One in six sex offenders lives undetected digital double life, study finds
Nearly one in six convicted sex offenders is using sophisticated techniques invented by identity thieves to avoid their legally mandated registration requirements, a new study has found. These digital absconders might be able to avoid post-incarceration restrictions by living near schools and playgrounds, and could possibly gain employment working with children.
The study, conducted by Utica College and funded by the U.S. Justice Department, estimates that roughly 92,000 of the 570,000 registered sex offenders across the country are systematically manipulating their names, birthdays, Social Security numbers and other personal identifiers so they can live as they want while appearing to satisfy court-imposed or statutory restrictions.
"These are offenders who are flying under the radar and authorities don't know it," said Don Rebovich, the Utica professor who directed the study. "The authorities really don’t have the resources to keep on checking on these people. Offenders find where the vulnerabilities are in the system and exploit them."

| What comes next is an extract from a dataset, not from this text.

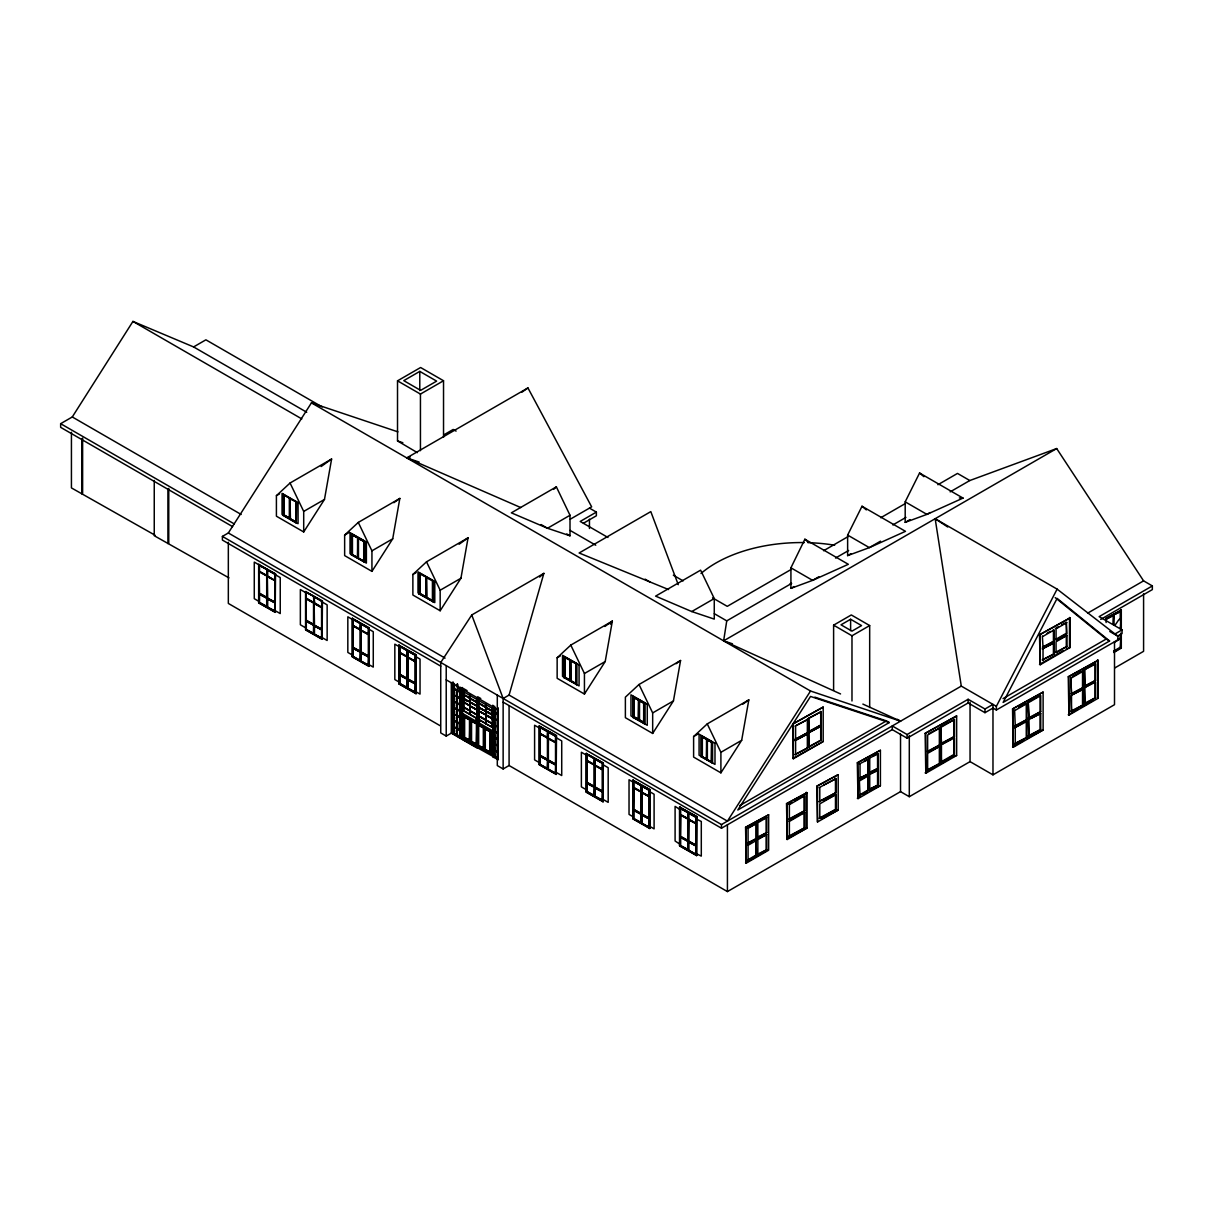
<?xml version="1.0" encoding="UTF-8"?>
<svg xmlns="http://www.w3.org/2000/svg" width="1213" height="1213" viewBox="0 0 1213 1213"><rect width="100%" height="100%" fill="white"/><g stroke="black" fill="none" stroke-linecap="round" stroke-linejoin="round"><path stroke-width="1.5" d="M476.618 720.37L475.784 719.339M840.548 693.942L723.63 640.843L726.754 620.859L791.649 583.392M324.478 499.438L331.604 459.03L290.059 483.017L276.412 495.677L276.412 516.207L303.705 531.961L324.478 499.438L303.705 511.431L303.705 531.961M392.709 538.83L399.835 498.422L358.29 522.424L344.644 535.069L344.644 555.599L371.936 571.368L392.709 538.83L371.936 550.823L371.936 571.368M460.94 578.237L468.066 537.829L426.521 561.816L412.875 574.462L412.875 595.007L440.167 610.761L460.94 578.237L440.167 590.231L440.167 610.761M605.211 661.525L612.338 621.117L570.792 645.104L557.146 657.764L557.146 678.294L584.439 694.048L605.211 661.525L584.439 673.518L584.439 694.048M673.442 700.917L680.569 660.509L639.024 684.496L625.377 697.157L625.377 717.687L652.67 733.44L673.442 700.917L652.67 712.91L652.67 733.44M741.674 740.309L748.815 699.901L707.255 723.888L693.609 736.549L693.609 757.079L720.901 772.848L741.674 740.309L720.901 752.303L720.901 772.848M497.3 695.125L497.3 765.585L503.137 768.951L503.137 698.491L509.081 695.064L543.864 573.355L471.751 614.976L440.744 662.48L440.744 732.925L446.217 736.079L452.161 732.652M478.589 720.947L479.499 720.931M790.921 567.82L804.886 539.224L848.327 564.303L812.634 580.36L790.921 588.366L790.921 567.82L812.634 580.36L818.851 576.782M847.629 535.085L862.018 506.246L905.474 531.324L869.357 547.624L847.629 555.615L847.629 535.085L869.357 547.624L880.547 541.165M905.186 501.848L919.575 473.009L963.031 498.088L926.914 514.388L905.186 522.378L905.186 501.848L926.914 514.388L930.113 512.538M996.358 706.345L1057.114 589.124L935.162 518.724L961.287 686.103L996.358 706.345L996.358 710.014L992.977 708.074L984.986 712.683L968.141 702.949L907.097 738.186L892.268 729.62L721.492 828.221L503.137 702.16M232.593 526.624L60.65 427.355L60.65 423.686L72.28 416.969L132.945 321.415L193.595 346.933L306.722 412.238M440.744 666.149L222.404 540.073L222.404 536.404L228.332 532.977L311.438 402.868L397.909 431.858M610.366 624.21L612.338 621.117L604.862 626.469M897.256 719.294L900.531 721.189L810.527 691.016L727.421 821.125L509.081 695.064M479.681 721.826L478.589 721.25L479.741 721.417M553.628 489.385L556.358 486.853L570.004 515.267L570.004 535.797L547.503 528.261L511.355 512.841L556.358 486.853M539.633 577.085L543.864 573.355M321.127 466.535L331.604 459.03M393.846 502.713L399.835 498.422M459.09 544.258L468.066 537.829M676.081 663.723L680.569 660.509M742.826 704.192L748.815 699.901M521.848 392.239L527.943 387.933L591.656 506.852L570.14 519.27M193.595 346.933L205.892 339.822L322.173 406.946M71.431 432.253L71.431 487.914L155.097 535.236M417.378 452.646L397.515 440.926L397.515 380.837L420.608 367.509L443.533 380.746L443.533 437.347M419.789 371.39L403.777 380.639L420.623 390.374L436.635 381.125L419.789 371.39L419.789 390.616M397.515 380.837L420.441 394.073L443.533 380.746M154.248 480.424L154.248 535.721L228.954 577.873M276.412 495.677L279.597 493.827M290.059 518.77L296.124 521.878L290.059 518.77L290.059 498.907L296.594 501.773L296.26 523.03L283.175 515.48L283.508 494.222L283.508 515.282M283.175 515.48L283.978 514.873L283.978 495.01L289.71 498.316L289.71 518.178L283.645 515.055M290.059 498.907L290.407 518.573M443.943 434.8L453.207 429.447L456.073 431.1M520.741 507.55L406.749 457.892L527.943 387.933M258.657 564.5L275.518 573.84L275.184 612.368L258.657 602.831L258.657 564.5L275.184 574.037L275.184 612.368M259.188 565.273L267.042 569.413L267.042 575.478L266.708 569.61L259.188 565.273L259.188 571.338L275.124 580.693L267.3 576.569L267.3 598.085L275.124 602.224L267.3 598.085M259.188 571.338L267.042 575.478M259.188 571.884L259.521 593.218L267.042 597.554L267.042 576.039L259.188 571.884L259.188 593.415L267.042 597.554M275.518 573.84L274.79 580.345L267.3 576.023L267.3 569.958L275.124 574.083M267.3 576.569L267.633 597.888M344.644 535.069L349.435 532.31M351.421 533.811L351.421 554.887L351.421 533.811L364.734 541.104L364.734 562.18L351.421 554.887M352.104 534.933L357.911 537.89L357.577 557.753L352.104 554.584L352.104 534.933L357.911 537.89M259.188 594.143L267.042 598.282L266.708 606.682L259.188 602.345L259.188 594.143L267.042 598.282M358.123 538.405L364.067 541.453L363.733 561.301L358.123 558.056L358.123 538.405L364.067 541.453M258.657 602.831L275.518 612.171M259.188 602.345L267.042 606.485M267.3 598.813L275.124 602.952L267.3 598.813L267.3 607.031L275.124 611.155L267.3 607.031M352.104 554.584L357.911 557.555M358.123 558.056L364.067 561.103M305.57 591.641L322.431 600.981L322.097 639.327L305.57 629.79L305.57 591.641L322.097 601.178M305.979 592.293L306.313 598.161L313.879 602.527L313.879 596.462L305.979 592.293L305.979 598.358L321.915 607.713L314.137 603.619L314.137 625.135L321.915 629.229L314.137 625.135M305.979 598.904L306.313 620.222L313.879 624.589L313.879 603.073L305.979 598.904L305.979 620.419L313.879 624.589M314.137 596.993L314.47 602.861L321.915 607.167L321.581 601.284L314.137 596.993L314.47 602.861M313.879 602.527L313.545 596.66M314.137 603.619L314.47 624.938M321.581 601.284L322.431 600.981M305.979 621.147L313.879 625.317L313.545 633.717L305.979 629.365L305.979 621.147L313.879 625.317M305.979 629.365L313.879 633.535M305.57 629.79L322.431 639.13M314.137 625.863L321.915 629.956L314.137 625.863L314.137 634.065L321.915 638.174L314.137 634.065M412.875 574.462L416.074 572.627M419.076 572.87L419.076 593.93L419.076 572.87L433.375 580.739L433.375 601.815L419.076 593.93M419.789 573.84L420.123 593.506L426.248 597.039L426.248 577.191L419.789 573.84L419.789 593.703L426.248 597.039M352.21 618.403L369.222 627.849L368.888 666.377L352.21 656.749L352.21 618.403L368.888 628.031L368.888 666.377M352.771 619.297L360.549 623.406L360.216 629.668L360.216 623.603L352.771 619.297L352.771 625.362L360.549 630.017L360.549 651.533L352.771 647.439L353.104 625.726L353.104 647.242L360.549 651.533M426.476 577.706L426.824 597.372L432.768 600.799L432.768 580.951L426.476 577.706L426.476 597.569L432.768 600.799M352.771 625.362L360.549 629.471M360.913 623.998L368.707 628.107L368.373 634.369L368.373 628.304L360.913 623.998L360.913 630.063L368.707 634.733L368.707 656.248L360.913 652.139L361.247 630.426L361.247 651.942L368.707 656.248M352.771 625.923L360.549 630.017M360.913 630.063L368.707 634.172M368.373 628.304L369.222 627.849M570.004 515.267L547.503 528.261L541.074 524.547M360.913 630.624L368.707 634.733M352.771 648.167L360.549 652.26L360.216 660.676L352.771 656.369L352.771 648.167L360.549 652.26M583.423 523.243L596.371 515.783L596.371 512.113L580.193 521.454L607.971 537.48M352.21 656.749L369.222 666.18M352.771 656.369L360.549 660.479M360.913 652.867L368.707 656.976L368.373 665.376L360.913 661.07L360.913 652.867L368.707 656.976M360.913 661.07L368.707 665.179M398.789 645.24L416.317 654.975L415.983 693.7L398.789 683.783L398.789 645.24L416.317 654.975M399.562 646.317L407.28 650.38L406.946 656.642L406.946 650.577L399.562 646.317L399.562 652.382L407.28 657.006L407.28 678.522L399.562 674.443L399.896 652.73L399.896 674.261L407.28 678.522M399.562 652.382L407.28 656.445M407.765 651.047L415.498 655.126L415.164 661.388L415.164 655.323L407.765 651.047L407.765 657.128L415.498 661.737L415.498 683.253L407.765 679.189L408.114 657.476L408.114 678.992L415.498 683.253M399.562 652.928L407.28 657.006M407.765 657.128L415.498 661.191M407.765 657.673L415.498 661.737M399.562 675.171L407.28 679.25L406.946 687.65L399.562 683.389L399.562 675.171L407.28 679.25M398.789 683.783L416.317 693.502M399.562 683.389L407.28 687.453M407.765 679.917L415.498 683.98L415.164 692.396L407.765 688.12L407.765 679.917L415.498 683.98M407.765 688.12L415.498 692.198M454.087 684.056C452.146 689.833 460.364 694.291 457.028 684.223M454.087 688.999L454.42 694.867L457.362 696.58L457.028 690.713L454.087 688.999L454.087 695.064C472.054 706.952 451.251 688.757 457.665 703.115L460.318 704.647L459.985 698.809M457.028 690.713L460.318 691.91L459.985 687.468M454.087 695.398L454.42 701.25L457.362 702.949L457.028 697.096L454.087 695.398L454.087 701.448C472.1 713.289 451.206 695.094 457.665 709.499L460.318 711.03L459.985 705.162M459.985 692.411L460.318 698.279L457.665 696.747C451.206 682.358 472.1 700.553 454.087 688.696M476.77 705.845L476.936 702.463L463.518 694.473L469.719 698.066L469.719 695.322M454.087 701.751L454.42 707.619L457.362 709.332L457.028 703.449L454.087 701.751L454.087 707.816C472.084 719.673 451.221 701.478 457.665 715.867L460.318 717.399L459.985 711.531M463.684 698.461L469.886 702.054L463.684 698.461L463.684 701.933L469.719 705.617L469.886 702.054M470.31 698.203L470.31 695.474L470.144 698.294L476.936 702.024L476.936 699.295L476.936 718.369L476.936 714.897L470.31 711.076L476.936 714.897M463.684 702.266L469.886 705.845L463.684 702.266L463.684 706.906L469.719 710.591L469.886 705.845M470.144 698.733L470.144 702.009L470.144 698.733L476.936 702.463M454.087 708.134L454.42 714.002L457.362 715.7L457.028 709.832L454.087 708.134L454.087 714.184C472.039 726.071 451.251 707.876 457.665 722.251C466.702 729.438 447.248 712.258 454.087 726.936C472.585 739.081 451.009 720.31 457.665 735.184L460.318 736.716L457.331 735.381L457.362 684.026M476.936 709.59L470.144 705.86L470.144 702.388L476.936 706.118L476.77 709.681M463.684 710.712L463.684 707.255L469.886 710.833L469.886 714.29L463.684 710.712L463.684 691.637L463.684 694.382M454.087 714.518L454.42 720.37L457.028 722.266L454.087 720.567L454.087 714.518L457.665 715.867M470.144 705.86L470.31 702.297M476.936 714.548L470.144 710.833L470.144 706.193L476.936 709.923L476.77 714.654M557.146 657.764L560.345 655.915M492.023 714.654L492.19 711.273L478.665 703.222L485.928 707.224L485.928 704.495L485.928 707.224M476.936 706.118L470.144 702.388M469.886 710.833L463.518 707.346M470.144 710.833L470.31 706.087M564.106 656.597L564.106 677.673L564.106 656.597L576.751 663.511L576.751 684.587L564.106 677.673M463.214 715.761L491.523 731.712L491.189 753.91L463.214 737.747L463.214 715.761L491.523 731.712M485.928 711.318L478.665 707.315L485.928 711.318L485.761 714.882L485.761 711.409M564.727 657.582L565.076 677.233L570.428 680.326L570.428 660.479L564.727 657.582L564.727 677.43L570.428 680.326M464.109 717.065L470.007 719.885L469.492 740.415L464.109 737.307L464.109 717.065L470.007 719.885M476.936 709.923L470.144 706.193M486.186 704.829L486.186 707.558L492.19 710.833L492.19 708.104L492.19 727.178L492.19 723.706L486.186 720.431L492.19 723.706M470.31 714.533L470.144 711.167L470.31 714.533L476.936 718.369M454.087 720.886L457.665 722.251M457.665 722.569L460.318 724.1L457.665 722.569L457.665 728.619L459.985 730.347L459.985 724.297M485.761 715.215L485.761 719.855L485.928 715.109L478.665 711.106L486.352 715.033M485.761 707.755L485.761 711.03L485.761 707.755C474.51 697.702 477.209 709.787 485.928 710.939M454.087 726.936L457.362 728.452L457.028 722.599M454.087 727.239L454.42 733.319L457.028 735.214L454.087 733.501L454.087 727.239L457.665 728.619M570.595 660.964L570.944 680.629L576.19 683.662L576.19 663.814L570.595 660.964L570.595 680.811L576.19 683.662M492.19 714.548L486.352 711.182M492.19 714.927C477.088 708.043 495.783 712.85 492.023 718.505M478.665 716.095L485.928 720.097L485.761 723.661L485.761 720.188L478.665 716.095L478.832 719.461L485.928 723.555M471.038 721.068L476.921 723.873L476.421 744.418L471.038 741.31L471.038 721.068L476.921 723.873M492.19 711.273L486.352 707.892L486.186 711.273M478.832 719.461L478.832 700.401L478.832 703.131M492.19 718.733C476.603 711.318 496.996 717.156 492.023 723.464M494.646 712.471L497.921 713.972L494.646 712.471L494.646 706.163M494.646 712.759L497.921 714.26L494.646 712.759L494.646 718.763L497.921 720.567L494.646 719.051L494.646 725.071L497.921 726.572L494.646 725.071M478.149 725.192L483.82 727.891L478.149 725.192L478.149 745.434L483.82 748.133L478.149 745.434M494.646 718.763L497.921 720.279L497.588 714.457M494.646 719.051L494.98 724.874M463.214 737.747L491.523 753.713M493.312 707.376L493.312 756.609L461.607 738.899L461.607 687.756M464.109 737.307L470.007 740.127M484.791 729.028L490.461 731.712L489.946 752.257L484.791 749.27L484.791 729.028L490.461 731.712M494.646 725.374L497.921 726.875L494.646 725.374L494.646 731.363L497.921 733.198L494.646 731.697L494.646 737.671L497.921 739.46L494.646 737.944L494.646 743.978L497.921 745.859L494.646 744.357L494.646 750.271L497.921 752.105L494.646 750.604L494.646 756.578L497.921 758.08L494.646 756.578M691.759 611.549L714.26 598.555L700.614 570.155L655.611 596.129L691.759 611.549L714.26 619.1L714.26 598.555M471.038 741.31L476.921 744.115M494.646 731.363L497.921 732.879L497.588 727.072M494.646 731.697L494.98 737.474L497.588 739.369L497.588 733.395M494.646 737.944L494.98 743.781L497.588 745.677L497.588 739.657M790.937 569.579L727.254 606.348L712.547 597.857M823.597 550.732L848.099 536.586M880.759 517.739L905.247 503.592M937.907 484.73L957.497 473.419L969.809 480.53L1056.69 448.552L1143.586 580.86L1152.35 585.924L1152.35 589.594L1100.737 619.388M484.791 749.27L490.461 751.954M494.646 744.357L494.98 750.074L497.588 751.984L497.588 746.056M494.646 750.604L494.98 756.381M539.148 726.056L556.509 735.685L556.176 774.425L539.148 764.599L539.148 726.056L556.509 735.685M539.937 727.36L547.76 731.484L547.427 737.747L547.427 731.682L539.937 727.36L539.937 733.425L547.76 738.111L547.76 759.626L539.937 755.487L540.27 733.774L540.27 755.29L547.76 759.626M790.027 583.969L790.921 583.468M835.53 558.056L848.63 550.49M892.844 524.956L905.944 517.405M950.158 491.871L969.809 480.53M492.796 705.238L493.312 756.609M492.796 756.897L498.407 759.747M539.937 733.425L547.76 737.549M790.921 588.366L794.015 586.561M847.629 555.615L850.829 553.765M905.186 522.378L909.993 519.619M548.033 732.03L555.857 736.17L555.524 742.432L555.524 736.367L548.033 732.03L548.033 738.095L555.857 742.781L555.857 764.296L548.033 760.172L548.367 738.459L548.367 759.975L555.857 764.296M539.937 733.971L547.76 738.111M548.033 738.095L555.857 742.235M723.63 640.843L1056.69 448.552M503.137 768.951L509.081 765.524L727.421 891.585L900.531 791.634L909.295 796.698L970.051 761.628L992.977 774.849L1114.504 704.692L1114.504 641.616M633.004 696.383L633.004 717.444L633.004 696.383L644.831 702.827L644.831 723.888L633.004 717.444M548.033 738.656L555.857 742.781M633.899 697.733L638.766 700.159L638.432 719.43L633.899 716.807L633.899 697.733L638.766 700.159M539.937 756.215L547.76 760.354L547.427 768.754L539.937 764.433L539.937 756.215L547.76 760.354M639.175 700.78L644.012 703.191L643.678 722.463L639.175 719.855L639.175 700.78L644.012 703.191M539.148 764.599L556.509 774.228M539.937 764.433L547.76 768.557M548.033 760.9L555.857 765.024L555.524 773.439L548.033 769.103L548.033 760.9L555.857 765.024M633.899 716.807L638.766 719.233M548.033 769.103L555.857 773.242M639.175 719.855L644.012 722.266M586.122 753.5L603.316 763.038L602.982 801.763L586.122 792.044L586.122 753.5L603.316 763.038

These digital absconders create two obvious problems. Communities expend energy and resources dealing with offenders who aren't really there -- local police knock on doors and send notices to warn neighbors; public listings are published on the Internet. And sex offenders live where they please as normal adults, without any protective measures kicking in.
"In the worst-case scenario, by thwarting registration requirements, they could potentially have easier access to children," said Staca Shehan, director of case analysis at the Center for Missing and Exploited Children, who is familiar with the study. "(In) those jurisdictions that have residency restrictions that would not allow (offenders) to live within distance of a school, daycare or park, (they) could avoid that type of requirement."
While the study found that an average of 16.2 percent of sex offenders manipulate their identities nationally, some states fared worse: Louisiana, Washington, D.C., Nevada, Tennessee and Delaware all had digital absconder rates of higher than 25 percent.